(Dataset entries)
◇ ◇ ◇ ◇ ◇ ◇ ◇
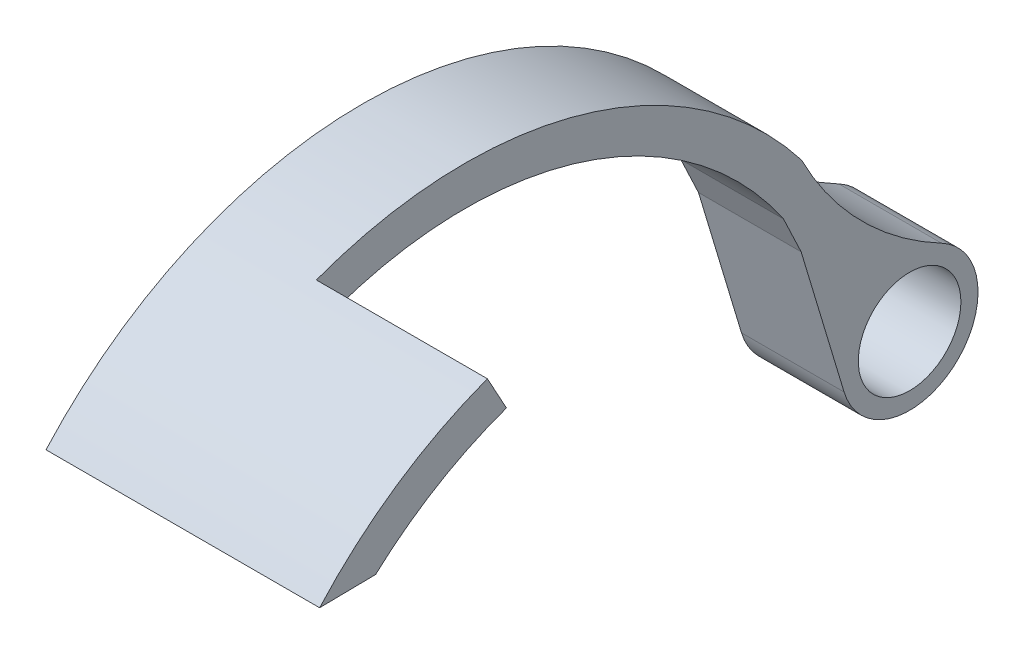
from build123d import *

# Parameters (mm, degrees)
SKETCH8_R           = 1.5
BOSS_EXTRUDE3_DEPTH = 3
BOSS_EXTRUDE4_DEPTH = 5


with BuildPart() as part:
    # Sketch8 → Boss-Extrude3 (new body)
    with BuildSketch(Plane(origin=(0, 0, 0), x_dir=(0, 0, -1), z_dir=(1, 0, 0))):
        with BuildLine():
            ThreePointArc((13.132863069, 0.320027848), (3.75419069, 5.150346209), (-5.956033277, 1.026874177))
            Line((-5.956033277, 1.026874177), (-4.319797484, 1.050447619))
            ThreePointArc((-4.319797484, 1.050447619), (4.590085283, 3.936033014), (12.605766771, -0.907670556))
            Line((12.605766771, -0.907670556), (13.12184584, -1.999779955))
            Line((13.12184584, -1.999779955), (14.377901927, -6.177963459))
            ThreePointArc((14.377901927, -6.177963459), (17.56376003, -7.146759051), (17.227616297, -3.83386543))
            ThreePointArc((17.227616297, -3.83386543), (14.859483295, -2.073108487), (13.132863069, 0.320027848))
        make_face()
        with Locations((16.293226017, -5.602173889)):
            Circle(SKETCH8_R, mode=Mode.SUBTRACT)
    extrude(amount=BOSS_EXTRUDE3_DEPTH)

    # Sketch10 → Boss-Extrude4 (add)
    with BuildSketch(Plane(origin=(3, 0, 0), x_dir=(0, 0, -1), z_dir=(1, 0, 0))):
        with BuildLine():
            Line((-5.956033277, 1.026874177), (-4.319797484, 1.050447619))
            ThreePointArc((-4.319797484, 1.050447619), (-2.522150549, 2.39412043), (-0.493946712, 3.355047235))
            Line((-0.493946712, 3.355047235), (-1.051379481, 4.37374771))
            ThreePointArc((-1.051379481, 4.37374771), (-3.706640914, 2.997700023), (-5.956033277, 1.026874177))
        make_face()
    extrude(amount=BOSS_EXTRUDE4_DEPTH)


solid = part.part
◇ ◇ ◇ ◇ ◇ ◇ ◇
▶ [Exercise objective] All lines of the entries containing the string "Plane" must be shown in full.

▶ [Result for this exercise]
    with BuildSketch(Plane(origin=(0, 0, 0), x_dir=(0, 0, -1), z_dir=(1, 0, 0))):
    with BuildSketch(Plane(origin=(3, 0, 0), x_dir=(0, 0, -1), z_dir=(1, 0, 0))):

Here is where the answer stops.